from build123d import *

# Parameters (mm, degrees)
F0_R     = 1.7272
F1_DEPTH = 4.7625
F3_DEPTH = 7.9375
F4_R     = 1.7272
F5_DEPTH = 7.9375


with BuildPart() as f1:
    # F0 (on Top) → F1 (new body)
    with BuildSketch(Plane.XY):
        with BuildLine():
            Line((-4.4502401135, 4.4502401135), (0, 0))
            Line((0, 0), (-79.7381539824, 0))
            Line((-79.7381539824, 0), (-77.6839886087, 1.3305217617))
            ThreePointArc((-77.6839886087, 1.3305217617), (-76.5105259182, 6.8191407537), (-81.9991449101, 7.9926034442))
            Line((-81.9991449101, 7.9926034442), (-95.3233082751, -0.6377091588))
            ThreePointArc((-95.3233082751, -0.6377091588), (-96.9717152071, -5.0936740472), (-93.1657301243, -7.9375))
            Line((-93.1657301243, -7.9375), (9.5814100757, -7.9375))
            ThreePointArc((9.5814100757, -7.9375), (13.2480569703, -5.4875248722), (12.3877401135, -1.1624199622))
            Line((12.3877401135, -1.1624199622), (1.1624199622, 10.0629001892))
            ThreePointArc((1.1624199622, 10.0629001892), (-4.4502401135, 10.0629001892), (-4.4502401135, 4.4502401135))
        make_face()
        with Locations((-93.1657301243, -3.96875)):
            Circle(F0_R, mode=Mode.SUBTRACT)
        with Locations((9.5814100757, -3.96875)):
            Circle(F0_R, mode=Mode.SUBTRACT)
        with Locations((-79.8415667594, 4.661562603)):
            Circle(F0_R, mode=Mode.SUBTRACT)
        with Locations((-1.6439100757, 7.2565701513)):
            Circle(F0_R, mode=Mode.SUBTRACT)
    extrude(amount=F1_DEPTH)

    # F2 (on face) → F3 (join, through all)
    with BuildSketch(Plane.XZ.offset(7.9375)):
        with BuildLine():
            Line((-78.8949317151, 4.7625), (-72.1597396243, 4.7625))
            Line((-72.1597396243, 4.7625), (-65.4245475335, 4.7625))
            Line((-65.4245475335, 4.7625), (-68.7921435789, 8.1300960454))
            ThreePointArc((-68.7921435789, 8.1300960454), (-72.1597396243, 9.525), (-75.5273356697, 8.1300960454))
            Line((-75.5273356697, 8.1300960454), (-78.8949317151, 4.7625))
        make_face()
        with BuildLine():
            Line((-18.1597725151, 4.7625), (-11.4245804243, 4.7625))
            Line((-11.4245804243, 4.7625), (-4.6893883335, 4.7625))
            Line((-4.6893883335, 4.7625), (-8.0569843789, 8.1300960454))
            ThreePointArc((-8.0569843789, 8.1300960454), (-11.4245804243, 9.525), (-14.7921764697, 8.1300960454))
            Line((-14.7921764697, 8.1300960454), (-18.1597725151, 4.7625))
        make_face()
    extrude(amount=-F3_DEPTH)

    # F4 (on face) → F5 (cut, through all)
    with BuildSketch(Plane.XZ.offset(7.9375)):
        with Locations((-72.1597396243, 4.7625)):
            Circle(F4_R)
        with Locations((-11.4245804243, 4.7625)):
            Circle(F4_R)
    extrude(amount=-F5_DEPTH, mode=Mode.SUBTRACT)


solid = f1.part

+++

> [What the task requires]:
What you should output is every line of the records above, from the first through the line containing "Line((-79.7381539824, 0), (-77.6839886087, 1.3305217617))", unchanged.

> [Answer to this exercise]:
from build123d import *

# Parameters (mm, degrees)
F0_R     = 1.7272
F1_DEPTH = 4.7625
F3_DEPTH = 7.9375
F4_R     = 1.7272
F5_DEPTH = 7.9375


with BuildPart() as f1:
    # F0 (on Top) → F1 (new body)
    with BuildSketch(Plane.XY):
        with BuildLine():
            Line((-4.4502401135, 4.4502401135), (0, 0))
            Line((0, 0), (-79.7381539824, 0))
            Line((-79.7381539824, 0), (-77.6839886087, 1.3305217617))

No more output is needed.